Paraoxonase 1(PON1) is an HDL-associated
protein, which metabolizes inflammatory, oxidized
lipids associated with
atherosclerotic plaque development. Because oxidized
lipid mediators have also been implicated in the pathogenesis of
rheumatoid arthritis (RA), we evaluated the role of PON1 in murine inflammatory
arthritis. K/BxN serum transfer (STIA) or
collagen antibody transfer (CAIA) was used for
arthritis induction in B6 mice homozygous for the PON1 human transgene [PON1Tg], PON1 knock-out mice [PON1KO], and wild type littermate control mice [WT]. Experiments were also performed in K/BxN mice with chronic
arthritis, and in RA patients and healthy controls.
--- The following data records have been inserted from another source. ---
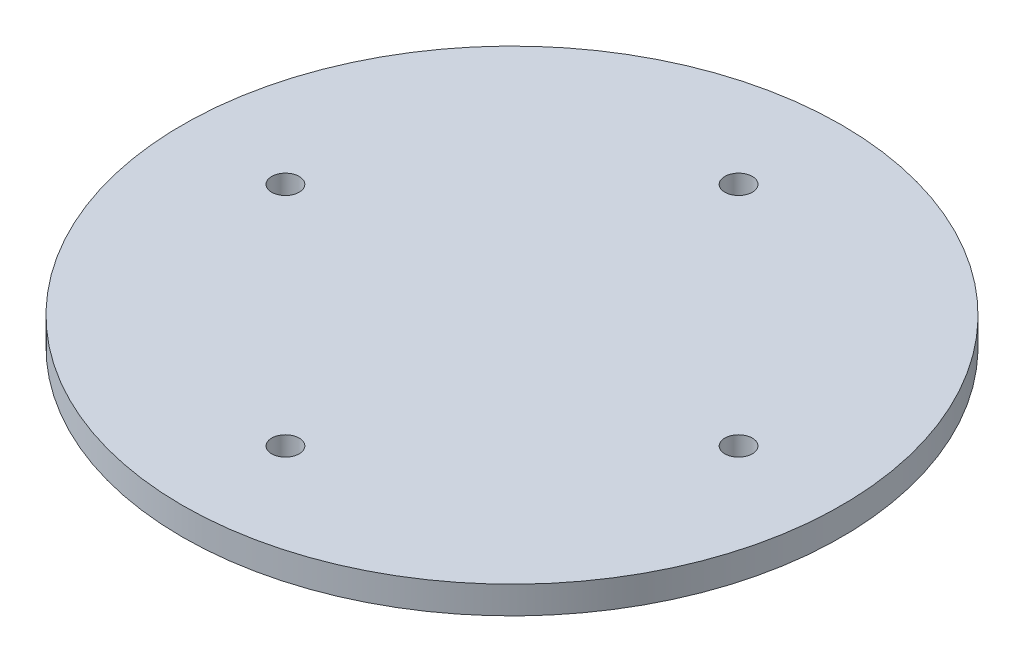
ISO-10303-21;
HEADER;
FILE_DESCRIPTION(('STEP AP214'),'2;1');
FILE_NAME('part.step','',(''),(''),'','','');
FILE_SCHEMA(('AUTOMOTIVE_DESIGN { 1 0 10303 214 1 1 1 1 }'));
ENDSEC;
DATA;
#1=APPLICATION_CONTEXT('core data for automotive mechanical design processes');
#2=APPLICATION_PROTOCOL_DEFINITION('international standard','automotive_design',2000,#1);
#3=PRODUCT_CONTEXT('',#1,'mechanical');
#4=PRODUCT('Part','Part','',(#3));
#5=PRODUCT_RELATED_PRODUCT_CATEGORY('part','',(#4));
#6=PRODUCT_DEFINITION_FORMATION('','',#4);
#7=PRODUCT_DEFINITION_CONTEXT('part definition',#1,'design');
#8=PRODUCT_DEFINITION('design','',#6,#7);
#9=PRODUCT_DEFINITION_SHAPE('','',#8);
#10=(LENGTH_UNIT() NAMED_UNIT(*) SI_UNIT(.MILLI.,.METRE.));
#11=(NAMED_UNIT(*) PLANE_ANGLE_UNIT() SI_UNIT($,.RADIAN.));
#12=(NAMED_UNIT(*) SI_UNIT($,.STERADIAN.) SOLID_ANGLE_UNIT());
#13=UNCERTAINTY_MEASURE_WITH_UNIT(LENGTH_MEASURE(1.E-05),#10,'distance_accuracy_value','');
#14=(GEOMETRIC_REPRESENTATION_CONTEXT(3) GLOBAL_UNCERTAINTY_ASSIGNED_CONTEXT((#13)) GLOBAL_UNIT_ASSIGNED_CONTEXT((#10,
#11,#12)) REPRESENTATION_CONTEXT('',''));
#15=CARTESIAN_POINT('',(0.,0.,0.));
#16=DIRECTION('',(0.,0.,1.));
#17=DIRECTION('',(1.,0.,0.));
#18=AXIS2_PLACEMENT_3D('',#15,#16,#17);
#19=CARTESIAN_POINT('',(0.,5.,0.));
#20=DIRECTION('',(0.,1.,0.));
#21=DIRECTION('',(0.,0.,1.));
#22=AXIS2_PLACEMENT_3D('',#19,#20,#21);
#23=PLANE('',#22);
#24=CARTESIAN_POINT('',(2.33468769191537E-12,5.,41.25));
#25=DIRECTION('',(0.,1.,0.));
#26=DIRECTION('',(0.,0.,1.));
#27=AXIS2_PLACEMENT_3D('',#24,#25,#26);
#28=CIRCLE('',#27,2.50000000000251);
#29=CARTESIAN_POINT('',(2.33468769191537E-12,5.,43.7500000000025));
#30=VERTEX_POINT('',#29);
#31=EDGE_CURVE('E65',#30,#30,#28,.T.);
#32=ORIENTED_EDGE('',*,*,#31,.F.);
#33=EDGE_LOOP('',(#32));
#34=FACE_BOUND('',#33,.T.);
#35=CARTESIAN_POINT('',(0.,5.,-41.25));
#36=DIRECTION('',(0.,1.,0.));
#37=DIRECTION('',(0.,0.,1.));
#38=AXIS2_PLACEMENT_3D('',#35,#36,#37);
#39=CIRCLE('',#38,2.5);
#40=CARTESIAN_POINT('',(0.,5.,-38.75));
#41=VERTEX_POINT('',#40);
#42=EDGE_CURVE('E47',#41,#41,#39,.T.);
#43=ORIENTED_EDGE('',*,*,#42,.F.);
#44=EDGE_LOOP('',(#43));
#45=FACE_BOUND('',#44,.T.);
#46=CARTESIAN_POINT('',(0.,5.,0.));
#47=DIRECTION('',(0.,1.,0.));
#48=DIRECTION('',(0.,0.,1.));
#49=AXIS2_PLACEMENT_3D('',#46,#47,#48);
#50=CIRCLE('',#49,60.);
#51=CARTESIAN_POINT('',(0.,5.,60.));
#52=VERTEX_POINT('',#51);
#53=EDGE_CURVE('E11',#52,#52,#50,.T.);
#54=ORIENTED_EDGE('',*,*,#53,.T.);
#55=EDGE_LOOP('',(#54));
#56=FACE_BOUND('',#55,.T.);
#57=CARTESIAN_POINT('',(41.2500000000012,5.,-1.16734384595768E-12));
#58=DIRECTION('',(0.,1.,0.));
#59=DIRECTION('',(0.,0.,1.));
#60=AXIS2_PLACEMENT_3D('',#57,#58,#59);
#61=CIRCLE('',#60,2.50000000000092);
#62=CARTESIAN_POINT('',(41.2500000000012,5.,2.49999999999975));
#63=VERTEX_POINT('',#62);
#64=EDGE_CURVE('E56',#63,#63,#61,.T.);
#65=ORIENTED_EDGE('',*,*,#64,.F.);
#66=EDGE_LOOP('',(#65));
#67=FACE_BOUND('',#66,.T.);
#68=CARTESIAN_POINT('',(-41.2499999999988,5.,1.17239551400417E-12));
#69=DIRECTION('',(0.,1.,0.));
#70=DIRECTION('',(0.,0.,1.));
#71=AXIS2_PLACEMENT_3D('',#68,#69,#70);
#72=CIRCLE('',#71,2.50000000000187);
#73=CARTESIAN_POINT('',(-41.2499999999988,5.,2.50000000000305));
#74=VERTEX_POINT('',#73);
#75=EDGE_CURVE('E104',#74,#74,#72,.T.);
#76=ORIENTED_EDGE('',*,*,#75,.F.);
#77=EDGE_LOOP('',(#76));
#78=FACE_BOUND('',#77,.T.);
#79=ADVANCED_FACE('F33',(#34,#45,#56,#67,#78),#23,.T.);
#80=CARTESIAN_POINT('',(0.,0.,0.));
#81=DIRECTION('',(0.,1.,0.));
#82=DIRECTION('',(0.,0.,1.));
#83=AXIS2_PLACEMENT_3D('',#80,#81,#82);
#84=PLANE('',#83);
#85=CARTESIAN_POINT('',(0.,0.,0.));
#86=DIRECTION('',(0.,1.,0.));
#87=DIRECTION('',(0.,0.,1.));
#88=AXIS2_PLACEMENT_3D('',#85,#86,#87);
#89=CIRCLE('',#88,60.);
#90=CARTESIAN_POINT('',(0.,0.,60.));
#91=VERTEX_POINT('',#90);
#92=EDGE_CURVE('E37',#91,#91,#89,.T.);
#93=ORIENTED_EDGE('',*,*,#92,.F.);
#94=EDGE_LOOP('',(#93));
#95=FACE_BOUND('',#94,.T.);
#96=CARTESIAN_POINT('',(0.,0.,-41.25));
#97=DIRECTION('',(0.,1.,0.));
#98=DIRECTION('',(0.,0.,1.));
#99=AXIS2_PLACEMENT_3D('',#96,#97,#98);
#100=CIRCLE('',#99,2.5);
#101=CARTESIAN_POINT('',(0.,0.,-38.75));
#102=VERTEX_POINT('',#101);
#103=EDGE_CURVE('E50',#102,#102,#100,.T.);
#104=ORIENTED_EDGE('',*,*,#103,.T.);
#105=EDGE_LOOP('',(#104));
#106=FACE_BOUND('',#105,.T.);
#107=CARTESIAN_POINT('',(41.2500000000012,0.,-1.16734384595768E-12));
#108=DIRECTION('',(0.,1.,0.));
#109=DIRECTION('',(0.,0.,1.));
#110=AXIS2_PLACEMENT_3D('',#107,#108,#109);
#111=CIRCLE('',#110,2.50000000000092);
#112=CARTESIAN_POINT('',(41.2500000000012,0.,2.49999999999975));
#113=VERTEX_POINT('',#112);
#114=EDGE_CURVE('E61',#113,#113,#111,.T.);
#115=ORIENTED_EDGE('',*,*,#114,.T.);
#116=EDGE_LOOP('',(#115));
#117=FACE_BOUND('',#116,.T.);
#118=CARTESIAN_POINT('',(2.33468769191537E-12,0.,41.25));
#119=DIRECTION('',(0.,1.,0.));
#120=DIRECTION('',(0.,0.,1.));
#121=AXIS2_PLACEMENT_3D('',#118,#119,#120);
#122=CIRCLE('',#121,2.50000000000251);
#123=CARTESIAN_POINT('',(2.33468769191537E-12,0.,43.7500000000025));
#124=VERTEX_POINT('',#123);
#125=EDGE_CURVE('E62',#124,#124,#122,.T.);
#126=ORIENTED_EDGE('',*,*,#125,.T.);
#127=EDGE_LOOP('',(#126));
#128=FACE_BOUND('',#127,.T.);
#129=CARTESIAN_POINT('',(-41.2499999999988,0.,1.17239551400417E-12));
#130=DIRECTION('',(0.,1.,0.));
#131=DIRECTION('',(0.,0.,1.));
#132=AXIS2_PLACEMENT_3D('',#129,#130,#131);
#133=CIRCLE('',#132,2.50000000000187);
#134=CARTESIAN_POINT('',(-41.2499999999988,0.,2.50000000000305));
#135=VERTEX_POINT('',#134);
#136=EDGE_CURVE('E107',#135,#135,#133,.T.);
#137=ORIENTED_EDGE('',*,*,#136,.T.);
#138=EDGE_LOOP('',(#137));
#139=FACE_BOUND('',#138,.T.);
#140=ADVANCED_FACE('F74',(#95,#106,#117,#128,#139),#84,.F.);
#141=CARTESIAN_POINT('',(0.,5.,0.));
#142=DIRECTION('',(0.,-1.,0.));
#143=DIRECTION('',(0.,0.,-1.));
#144=AXIS2_PLACEMENT_3D('',#141,#142,#143);
#145=CYLINDRICAL_SURFACE('',#144,60.);
#146=ORIENTED_EDGE('',*,*,#53,.F.);
#147=EDGE_LOOP('',(#146));
#148=FACE_BOUND('',#147,.T.);
#149=ORIENTED_EDGE('',*,*,#92,.T.);
#150=EDGE_LOOP('',(#149));
#151=FACE_BOUND('',#150,.T.);
#152=ADVANCED_FACE('F35',(#148,#151),#145,.T.);
#153=CARTESIAN_POINT('',(0.,5.,-41.25));
#154=DIRECTION('',(0.,-1.,0.));
#155=DIRECTION('',(0.,0.,-1.));
#156=AXIS2_PLACEMENT_3D('',#153,#154,#155);
#157=CYLINDRICAL_SURFACE('',#156,2.5);
#158=ORIENTED_EDGE('',*,*,#42,.T.);
#159=EDGE_LOOP('',(#158));
#160=FACE_BOUND('',#159,.T.);
#161=ORIENTED_EDGE('',*,*,#103,.F.);
#162=EDGE_LOOP('',(#161));
#163=FACE_BOUND('',#162,.T.);
#164=ADVANCED_FACE('F77',(#160,#163),#157,.F.);
#165=CARTESIAN_POINT('',(41.2500000000012,5.,-1.16734384595768E-12));
#166=DIRECTION('',(0.,-1.,0.));
#167=DIRECTION('',(0.,0.,-1.));
#168=AXIS2_PLACEMENT_3D('',#165,#166,#167);
#169=CYLINDRICAL_SURFACE('',#168,2.50000000000092);
#170=ORIENTED_EDGE('',*,*,#64,.T.);
#171=EDGE_LOOP('',(#170));
#172=FACE_BOUND('',#171,.T.);
#173=ORIENTED_EDGE('',*,*,#114,.F.);
#174=EDGE_LOOP('',(#173));
#175=FACE_BOUND('',#174,.T.);
#176=ADVANCED_FACE('F79',(#172,#175),#169,.F.);
#177=CARTESIAN_POINT('',(2.33468769191537E-12,5.,41.25));
#178=DIRECTION('',(0.,-1.,0.));
#179=DIRECTION('',(0.,0.,-1.));
#180=AXIS2_PLACEMENT_3D('',#177,#178,#179);
#181=CYLINDRICAL_SURFACE('',#180,2.50000000000251);
#182=ORIENTED_EDGE('',*,*,#31,.T.);
#183=EDGE_LOOP('',(#182));
#184=FACE_BOUND('',#183,.T.);
#185=ORIENTED_EDGE('',*,*,#125,.F.);
#186=EDGE_LOOP('',(#185));
#187=FACE_BOUND('',#186,.T.);
#188=ADVANCED_FACE('F85',(#184,#187),#181,.F.);
#189=CARTESIAN_POINT('',(-41.2499999999988,5.,1.17239551400417E-12));
#190=DIRECTION('',(0.,-1.,0.));
#191=DIRECTION('',(0.,0.,-1.));
#192=AXIS2_PLACEMENT_3D('',#189,#190,#191);
#193=CYLINDRICAL_SURFACE('',#192,2.50000000000187);
#194=ORIENTED_EDGE('',*,*,#75,.T.);
#195=EDGE_LOOP('',(#194));
#196=FACE_BOUND('',#195,.T.);
#197=ORIENTED_EDGE('',*,*,#136,.F.);
#198=EDGE_LOOP('',(#197));
#199=FACE_BOUND('',#198,.T.);
#200=ADVANCED_FACE('F116',(#196,#199),#193,.F.);
#201=CLOSED_SHELL('',(#79,#140,#152,#164,#176,#188,#200));
#202=MANIFOLD_SOLID_BREP('B2',#201);
#203=ADVANCED_BREP_SHAPE_REPRESENTATION('',(#18,#202),#14);
#204=SHAPE_DEFINITION_REPRESENTATION(#9,#203);
ENDSEC;
END-ISO-10303-21;

Arthritis activity in K/BxN mice was associated with a marked
dyslipidemia, lower PON1 activity and higher bioactive
lipid mediators (BLM), as well as a dysregulated hepatic
lipid gene expression profile. Higher serum PON1 activity correlated with lower BLM and lower
arthritis activity in both K/BxN mice and RA patients. Overexpression of the human PON1 transgene was associated with reduced inflammatory
arthritis, which correlated strongly with higher circulating PON1 activity, upregulation of the hepatic
glutathione pathway, and reduction of circulating BLM. These results implicate PON1 as a potential novel therapeutic target for
joint disease in RA with potential for vascular benefit, which warrants further investigation.